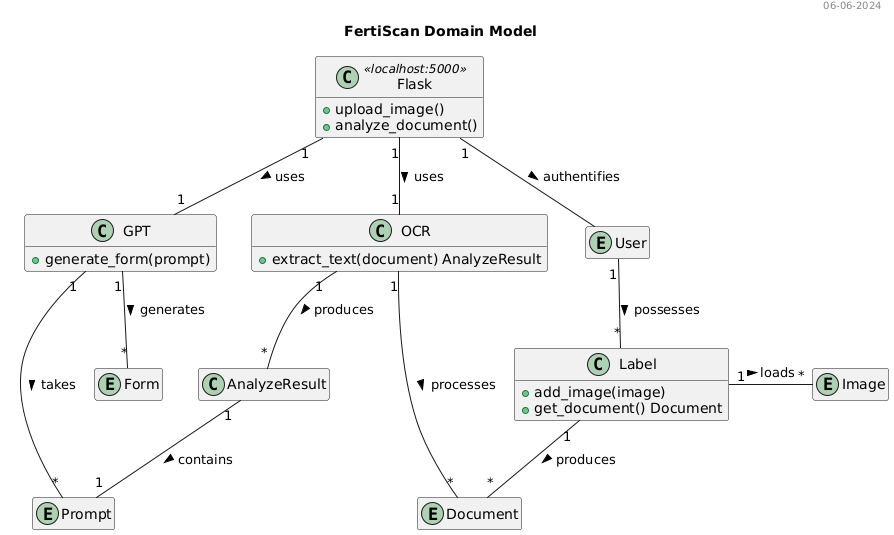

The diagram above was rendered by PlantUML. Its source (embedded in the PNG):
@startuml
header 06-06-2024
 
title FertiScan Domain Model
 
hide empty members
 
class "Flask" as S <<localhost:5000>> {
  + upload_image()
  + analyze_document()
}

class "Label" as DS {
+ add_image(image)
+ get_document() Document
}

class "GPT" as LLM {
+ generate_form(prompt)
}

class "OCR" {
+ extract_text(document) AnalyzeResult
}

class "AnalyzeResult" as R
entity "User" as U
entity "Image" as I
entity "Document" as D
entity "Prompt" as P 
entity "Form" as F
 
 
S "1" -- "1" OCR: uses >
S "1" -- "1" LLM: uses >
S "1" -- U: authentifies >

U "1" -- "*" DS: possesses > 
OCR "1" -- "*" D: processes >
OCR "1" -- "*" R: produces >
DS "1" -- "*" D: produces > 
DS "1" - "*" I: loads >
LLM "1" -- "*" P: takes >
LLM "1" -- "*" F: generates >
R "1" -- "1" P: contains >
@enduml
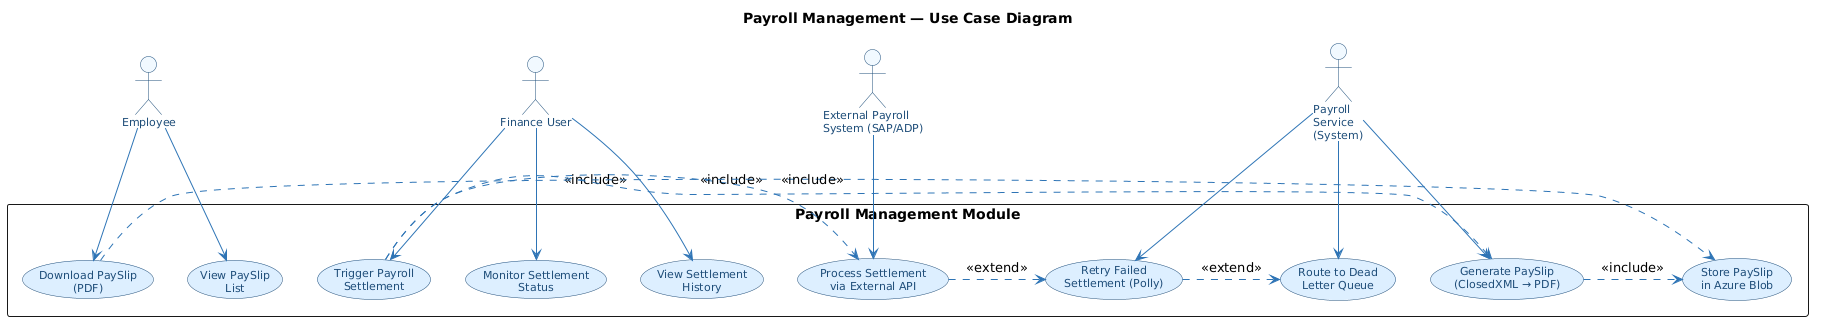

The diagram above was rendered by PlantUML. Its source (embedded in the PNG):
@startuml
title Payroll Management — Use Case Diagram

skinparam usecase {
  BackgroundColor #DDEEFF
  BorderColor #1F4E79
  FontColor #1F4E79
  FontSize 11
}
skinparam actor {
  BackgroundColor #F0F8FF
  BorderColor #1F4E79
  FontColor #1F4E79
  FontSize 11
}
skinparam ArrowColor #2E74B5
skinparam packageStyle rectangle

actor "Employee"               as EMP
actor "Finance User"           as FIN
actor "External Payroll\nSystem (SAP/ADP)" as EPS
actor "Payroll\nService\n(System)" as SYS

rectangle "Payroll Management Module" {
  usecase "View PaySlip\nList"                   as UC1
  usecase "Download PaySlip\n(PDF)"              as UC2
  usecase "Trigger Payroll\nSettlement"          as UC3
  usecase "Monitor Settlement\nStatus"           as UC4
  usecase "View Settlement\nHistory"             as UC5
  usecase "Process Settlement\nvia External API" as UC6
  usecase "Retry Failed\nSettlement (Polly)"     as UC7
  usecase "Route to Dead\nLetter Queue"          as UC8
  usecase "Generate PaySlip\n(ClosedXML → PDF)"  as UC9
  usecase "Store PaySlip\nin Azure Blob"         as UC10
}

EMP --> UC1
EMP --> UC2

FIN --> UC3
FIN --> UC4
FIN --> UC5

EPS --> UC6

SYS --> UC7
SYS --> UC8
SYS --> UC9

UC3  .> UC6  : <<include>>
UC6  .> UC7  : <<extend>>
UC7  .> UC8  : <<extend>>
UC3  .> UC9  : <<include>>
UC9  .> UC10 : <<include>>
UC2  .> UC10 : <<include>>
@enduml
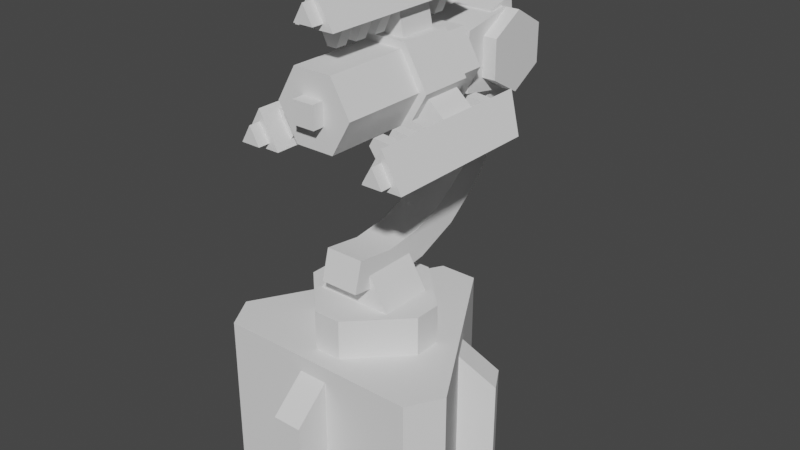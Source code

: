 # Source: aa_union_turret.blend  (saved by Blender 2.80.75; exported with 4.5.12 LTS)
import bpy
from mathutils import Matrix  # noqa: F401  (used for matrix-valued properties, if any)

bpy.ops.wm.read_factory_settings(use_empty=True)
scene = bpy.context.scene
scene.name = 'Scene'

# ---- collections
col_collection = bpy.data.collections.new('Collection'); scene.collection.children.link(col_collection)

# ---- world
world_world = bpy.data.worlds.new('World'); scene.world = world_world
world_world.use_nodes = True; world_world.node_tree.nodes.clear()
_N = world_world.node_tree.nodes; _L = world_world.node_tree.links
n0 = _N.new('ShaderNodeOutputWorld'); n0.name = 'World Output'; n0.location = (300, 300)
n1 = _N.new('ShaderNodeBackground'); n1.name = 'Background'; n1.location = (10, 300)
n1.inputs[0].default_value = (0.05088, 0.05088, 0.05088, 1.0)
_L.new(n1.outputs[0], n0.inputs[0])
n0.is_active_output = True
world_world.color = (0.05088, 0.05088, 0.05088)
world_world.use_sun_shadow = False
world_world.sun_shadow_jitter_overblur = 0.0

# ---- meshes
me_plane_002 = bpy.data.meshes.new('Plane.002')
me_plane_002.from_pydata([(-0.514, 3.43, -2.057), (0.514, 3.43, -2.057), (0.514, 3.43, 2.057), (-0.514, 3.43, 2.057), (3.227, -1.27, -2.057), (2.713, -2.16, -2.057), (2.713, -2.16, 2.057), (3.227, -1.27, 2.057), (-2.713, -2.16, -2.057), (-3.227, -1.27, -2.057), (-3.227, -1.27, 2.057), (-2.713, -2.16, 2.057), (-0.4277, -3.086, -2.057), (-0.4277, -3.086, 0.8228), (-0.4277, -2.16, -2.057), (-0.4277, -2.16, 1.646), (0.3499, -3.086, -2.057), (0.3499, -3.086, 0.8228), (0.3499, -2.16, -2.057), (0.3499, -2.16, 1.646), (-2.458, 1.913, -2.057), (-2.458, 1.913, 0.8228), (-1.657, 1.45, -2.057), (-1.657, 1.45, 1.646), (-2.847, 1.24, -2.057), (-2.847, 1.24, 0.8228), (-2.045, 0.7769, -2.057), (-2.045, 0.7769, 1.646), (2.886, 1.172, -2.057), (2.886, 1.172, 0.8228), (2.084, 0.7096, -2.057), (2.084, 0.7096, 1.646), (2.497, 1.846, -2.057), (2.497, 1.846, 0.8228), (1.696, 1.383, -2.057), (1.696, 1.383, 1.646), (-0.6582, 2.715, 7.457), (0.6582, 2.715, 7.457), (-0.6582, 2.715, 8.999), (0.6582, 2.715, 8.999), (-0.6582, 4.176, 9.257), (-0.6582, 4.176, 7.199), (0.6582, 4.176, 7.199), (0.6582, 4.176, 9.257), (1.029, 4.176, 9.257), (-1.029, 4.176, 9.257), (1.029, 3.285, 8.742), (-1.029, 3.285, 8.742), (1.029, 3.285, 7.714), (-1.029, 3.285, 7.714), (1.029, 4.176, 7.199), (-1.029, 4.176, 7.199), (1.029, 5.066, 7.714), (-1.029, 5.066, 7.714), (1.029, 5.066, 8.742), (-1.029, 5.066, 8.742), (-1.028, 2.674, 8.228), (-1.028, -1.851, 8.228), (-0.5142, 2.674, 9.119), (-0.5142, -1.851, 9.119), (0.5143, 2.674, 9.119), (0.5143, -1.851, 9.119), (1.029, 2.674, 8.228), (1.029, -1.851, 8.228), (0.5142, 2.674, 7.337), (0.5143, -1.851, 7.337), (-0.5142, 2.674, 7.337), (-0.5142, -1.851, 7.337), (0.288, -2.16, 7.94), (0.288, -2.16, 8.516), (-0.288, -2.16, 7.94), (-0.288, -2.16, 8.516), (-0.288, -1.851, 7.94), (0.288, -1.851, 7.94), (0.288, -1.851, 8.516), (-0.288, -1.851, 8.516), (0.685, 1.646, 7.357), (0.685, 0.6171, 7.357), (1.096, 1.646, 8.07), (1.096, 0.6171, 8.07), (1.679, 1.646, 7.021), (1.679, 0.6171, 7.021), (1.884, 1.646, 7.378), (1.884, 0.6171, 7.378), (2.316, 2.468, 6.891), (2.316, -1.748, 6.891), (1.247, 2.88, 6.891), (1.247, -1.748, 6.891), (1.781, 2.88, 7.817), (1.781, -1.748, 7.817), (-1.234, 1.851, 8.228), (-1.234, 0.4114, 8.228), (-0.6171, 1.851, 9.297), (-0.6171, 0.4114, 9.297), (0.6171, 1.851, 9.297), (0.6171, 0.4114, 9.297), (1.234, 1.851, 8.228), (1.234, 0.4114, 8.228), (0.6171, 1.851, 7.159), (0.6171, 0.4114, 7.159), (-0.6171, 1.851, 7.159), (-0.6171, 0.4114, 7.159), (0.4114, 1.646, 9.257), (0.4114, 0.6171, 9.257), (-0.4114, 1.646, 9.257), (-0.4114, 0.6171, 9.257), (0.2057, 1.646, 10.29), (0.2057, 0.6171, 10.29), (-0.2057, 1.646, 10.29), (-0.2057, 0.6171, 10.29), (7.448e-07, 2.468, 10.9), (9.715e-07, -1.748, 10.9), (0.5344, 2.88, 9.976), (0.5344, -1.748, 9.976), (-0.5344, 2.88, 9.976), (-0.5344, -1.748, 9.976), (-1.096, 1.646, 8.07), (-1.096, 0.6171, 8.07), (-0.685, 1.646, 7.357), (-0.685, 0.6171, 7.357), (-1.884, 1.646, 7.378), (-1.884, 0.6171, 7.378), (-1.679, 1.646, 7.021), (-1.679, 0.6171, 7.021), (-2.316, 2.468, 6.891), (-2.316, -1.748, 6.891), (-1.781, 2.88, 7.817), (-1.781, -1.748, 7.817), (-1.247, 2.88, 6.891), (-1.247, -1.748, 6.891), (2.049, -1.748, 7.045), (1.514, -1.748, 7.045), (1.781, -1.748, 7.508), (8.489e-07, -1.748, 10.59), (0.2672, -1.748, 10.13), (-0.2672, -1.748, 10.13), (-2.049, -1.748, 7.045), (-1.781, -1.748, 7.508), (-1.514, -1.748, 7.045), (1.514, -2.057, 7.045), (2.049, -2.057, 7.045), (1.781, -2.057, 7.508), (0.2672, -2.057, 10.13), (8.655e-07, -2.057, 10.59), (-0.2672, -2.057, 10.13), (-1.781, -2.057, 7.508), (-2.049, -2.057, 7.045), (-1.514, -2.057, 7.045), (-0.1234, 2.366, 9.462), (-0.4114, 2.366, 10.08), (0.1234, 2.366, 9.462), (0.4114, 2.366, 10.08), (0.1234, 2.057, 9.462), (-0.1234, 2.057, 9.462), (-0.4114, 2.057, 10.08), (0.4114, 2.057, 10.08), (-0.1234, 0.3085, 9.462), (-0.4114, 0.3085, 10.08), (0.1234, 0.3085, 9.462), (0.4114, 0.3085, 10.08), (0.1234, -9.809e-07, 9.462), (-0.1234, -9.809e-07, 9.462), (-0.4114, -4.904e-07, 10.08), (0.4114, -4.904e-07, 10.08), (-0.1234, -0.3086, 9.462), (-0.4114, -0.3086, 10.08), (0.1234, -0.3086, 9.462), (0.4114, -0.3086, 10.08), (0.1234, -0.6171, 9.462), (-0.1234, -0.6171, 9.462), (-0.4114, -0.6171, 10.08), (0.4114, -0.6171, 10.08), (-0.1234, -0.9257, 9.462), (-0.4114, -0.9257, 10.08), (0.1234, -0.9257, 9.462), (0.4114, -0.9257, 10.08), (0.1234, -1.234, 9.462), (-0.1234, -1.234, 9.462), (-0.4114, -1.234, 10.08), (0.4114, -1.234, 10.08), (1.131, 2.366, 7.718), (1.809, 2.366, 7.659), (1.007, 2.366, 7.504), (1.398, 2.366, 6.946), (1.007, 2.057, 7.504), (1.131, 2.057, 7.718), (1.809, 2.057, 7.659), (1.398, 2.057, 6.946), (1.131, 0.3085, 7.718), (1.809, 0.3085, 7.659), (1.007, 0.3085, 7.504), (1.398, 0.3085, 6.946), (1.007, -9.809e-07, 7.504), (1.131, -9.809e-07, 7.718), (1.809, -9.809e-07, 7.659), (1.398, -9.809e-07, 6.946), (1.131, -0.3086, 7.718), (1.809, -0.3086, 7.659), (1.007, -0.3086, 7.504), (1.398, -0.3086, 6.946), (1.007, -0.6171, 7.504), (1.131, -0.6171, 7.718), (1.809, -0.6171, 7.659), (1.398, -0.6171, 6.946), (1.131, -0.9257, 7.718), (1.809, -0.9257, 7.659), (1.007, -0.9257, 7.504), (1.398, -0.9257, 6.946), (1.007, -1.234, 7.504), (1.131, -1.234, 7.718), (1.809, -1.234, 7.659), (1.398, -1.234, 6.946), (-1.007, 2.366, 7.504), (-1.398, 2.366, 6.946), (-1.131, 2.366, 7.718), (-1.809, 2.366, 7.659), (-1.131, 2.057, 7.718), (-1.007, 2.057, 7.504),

━━━━━━━━━━━━━━━━━━━━

Exercise prompt:
Copy every line above that holds the word "class".

Output of the task:
class "Flask" as S <<localhost:5000>> {
class "Label" as DS {
class "GPT" as LLM {
class "OCR" {
class "AnalyzeResult" as R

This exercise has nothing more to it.